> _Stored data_
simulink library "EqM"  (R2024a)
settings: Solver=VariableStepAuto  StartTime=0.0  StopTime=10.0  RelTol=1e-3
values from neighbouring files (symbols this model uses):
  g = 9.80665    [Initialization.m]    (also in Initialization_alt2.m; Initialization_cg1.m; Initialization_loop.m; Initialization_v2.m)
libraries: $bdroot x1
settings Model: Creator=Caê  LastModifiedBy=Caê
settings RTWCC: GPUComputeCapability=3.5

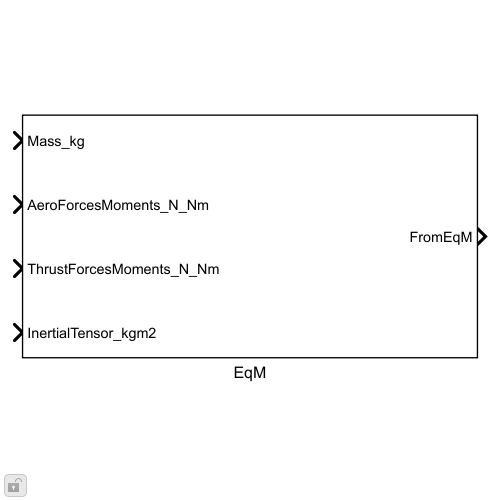
[thumbnail: Simulink's stored preview of the top-level diagram]
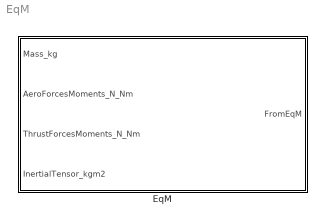
== system EqM ==
  EqM : Subsystem

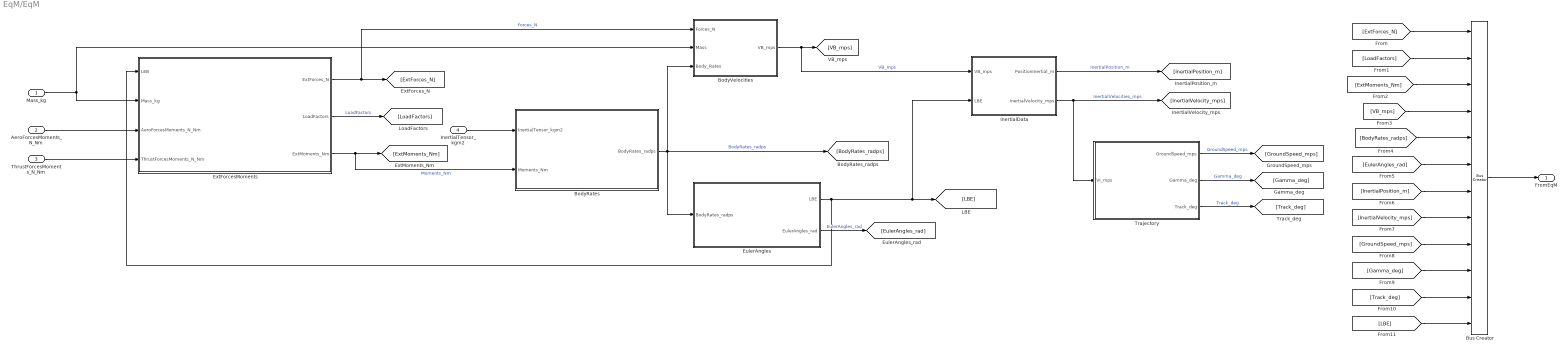
== system EqM/EqM ==
  Mass_kg : Inport
  AeroForcesMoments_N_Nm : Inport  Port=2
  ThrustForcesMoments_N_Nm : Inport  Port=3
  InertialTensor_kgm2 : Inport  Port=4
  BodyRates : Subsystem
  BodyVelocities : Subsystem
  Bus Creator : BusCreator  Inputs=12
  EulerAngles : Subsystem
  ExtForcesMoments : Subsystem
  InertialData : Subsystem
  Trajectory : Subsystem
  FromEqM : Outport
  wires:
  [LBE] -> Bus Creator/12
  [InertialPosition_m] -> Bus Creator/7
  ExtForcesMoments/3(ExtMoments_Nm) -> BodyRates/2(Moments_Nm), [ExtMoments_Nm]  "Moments_Nm"
  [EulerAngles_rad] -> Bus Creator/6
  [GroundSpeed_mps] -> Bus Creator/9
  Mass_kg/1 -> BodyVelocities/2(Mass), ExtForcesMoments/2(Mass_kg)
  ThrustForcesMoments_N_Nm/1 -> ExtForcesMoments/4(ThrustForcesMoments_N_Nm)
  InertialTensor_kgm2/1 -> BodyRates/1(InertialTensor_kgm2)
  [InertialVelocity_mps] -> Bus Creator/8
  [LoadFactors] -> Bus Creator/2
  InertialData/2(InertialVelocity_mps) -> [InertialVelocity_mps], Trajectory/1(VI_mps)  "InertialVelocities_mps"
  Bus Creator/1 -> FromEqM/1
  [BodyRates_radps] -> Bus Creator/5
  [Track_deg] -> Bus Creator/11
  EulerAngles/2(EulerAngles_rad) -> [EulerAngles_rad]  "EulerAngles_rad"
  [Gamma_deg] -> Bus Creator/10
  InertialData/1(PositionInertial_m) -> [InertialPosition_m]  "InertialPosition_m"
  ExtForcesMoments/2(LoadFactors) -> [LoadFactors]  "LoadFactors"
  BodyRates/1(BodyRates_radps) -> [BodyRates_radps], EulerAngles/1(BodyRates_radps), BodyVelocities/3(Body_Rates)  "BodyRates_radps"
  ExtForcesMoments/1(ExtForces_N) -> [ExtForces_N], BodyVelocities/1(Forces_N)  "Forces_N"
  BodyVelocities/1(VB_mps) -> [VB_mps], InertialData/1(VB_mps)  "VB_mps"
  [ExtMoments_Nm] -> Bus Creator/3
  AeroForcesMoments_N_Nm/1 -> ExtForcesMoments/3(AeroForcesMoments_N_Nm)
  Trajectory/1(GroundSpeed_mps) -> [GroundSpeed_mps]  "GroundSpeed_mps"
  [ExtForces_N] -> Bus Creator/1
  Trajectory/3(Track_deg) -> [Track_deg]  "Track_deg"
  EulerAngles/1(LBE) -> ExtForcesMoments/1(LEB), InertialData/2(LBE), [LBE]
  Trajectory/2(Gamma_deg) -> [Gamma_deg]  "Gamma_deg"
  [VB_mps] -> Bus Creator/4

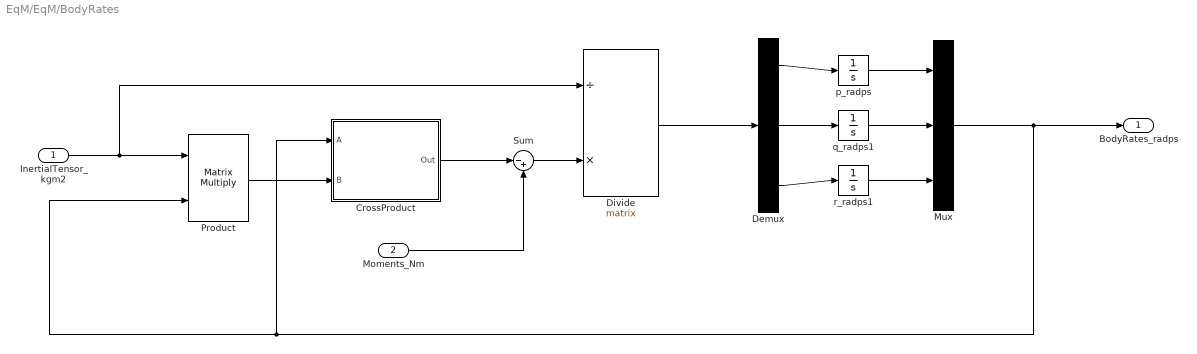
== system EqM/EqM/BodyRates ==
  InertialTensor_kgm2 : Inport
  Moments_Nm : Inport  Port=2
  CrossProduct : Subsystem
  Demux : Demux  Outputs=3
  Divide : Product  Inputs=/*  Multiplication=Matrix(*)
  Mux : Mux  Inputs=3
  Product : Product  Multiplication=Matrix(*)
  Sum : Sum  Inputs=|-+
  p_radps : Integrator  ContinuousStateAttributes='p_radps'
  q_radps1 : Integrator  ContinuousStateAttributes='q_radps'
  r_radps1 : Integrator  ContinuousStateAttributes='r_radps'
  BodyRates_radps : Outport
  wires:
  Demux/3 -> r_radps1/1
  InertialTensor_kgm2/1 -> Divide/1, Product/1
  Mux/1 -> BodyRates_radps/1, CrossProduct/1(A), Product/2
  q_radps1/1 -> Mux/2
  Sum/1 -> Divide/2
  Demux/1 -> p_radps/1
  Product/1 -> CrossProduct/2(B)
  p_radps/1 -> Mux/1
  CrossProduct/1(Out) -> Sum/1
  Moments_Nm/1 -> Sum/2
  r_radps1/1 -> Mux/3
  Demux/2 -> q_radps1/1
  Divide/1 -> Demux/1

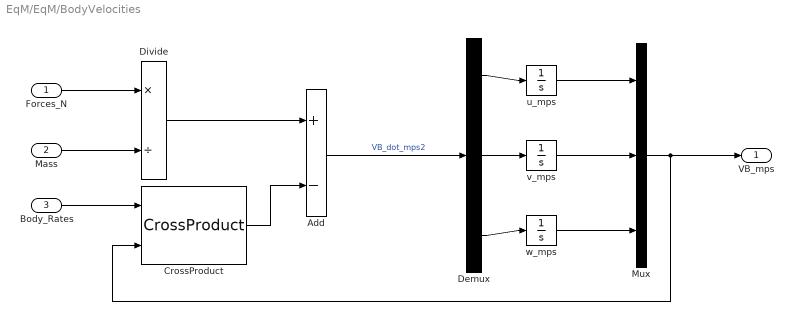
== system EqM/EqM/BodyVelocities ==
  Forces_N : Inport
  Mass : Inport  Port=2
  Body_Rates : Inport  Port=3
  Add : Sum  Inputs=+-
  CrossProduct : $bdroot/EqM/BodyRates/CrossProduct  SystemSampleTime=-1  VariantActivationTime=update diagram  AllowFlexibleInterface=on  Latency=0  AutoFrameSizeCalculation=off
  Demux : Demux  Outputs=3
  Divide : Product  Inputs=*/
  Mux : Mux  Inputs=3
  u_mps : Integrator  ContinuousStateAttributes='u_mps'
  v_mps : Integrator  ContinuousStateAttributes='v_mps'
  w_mps : Integrator  ContinuousStateAttributes='w_mps'
  VB_mps : Outport
  wires:
  CrossProduct/1 -> Add/2
  Demux/3 -> w_mps/1
  Mux/1 -> CrossProduct/2, VB_mps/1
  Forces_N/1 -> Divide/1
  Demux/2 -> v_mps/1
  u_mps/1 -> Mux/1
  Demux/1 -> u_mps/1
  Mass/1 -> Divide/2
  Body_Rates/1 -> CrossProduct/1
  Add/1 -> Demux/1  "VB_dot_mps2"
  w_mps/1 -> Mux/3
  v_mps/1 -> Mux/2
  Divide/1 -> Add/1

> _What the exercise asks_
A copy of each line in the data above that holds the string "Inport" is needed.

> _Answer section_
  Mass_kg : Inport
  AeroForcesMoments_N_Nm : Inport  Port=2
  ThrustForcesMoments_N_Nm : Inport  Port=3
  InertialTensor_kgm2 : Inport  Port=4
  InertialTensor_kgm2 : Inport
  Moments_Nm : Inport  Port=2
  Forces_N : Inport
  Mass : Inport  Port=2
  Body_Rates : Inport  Port=3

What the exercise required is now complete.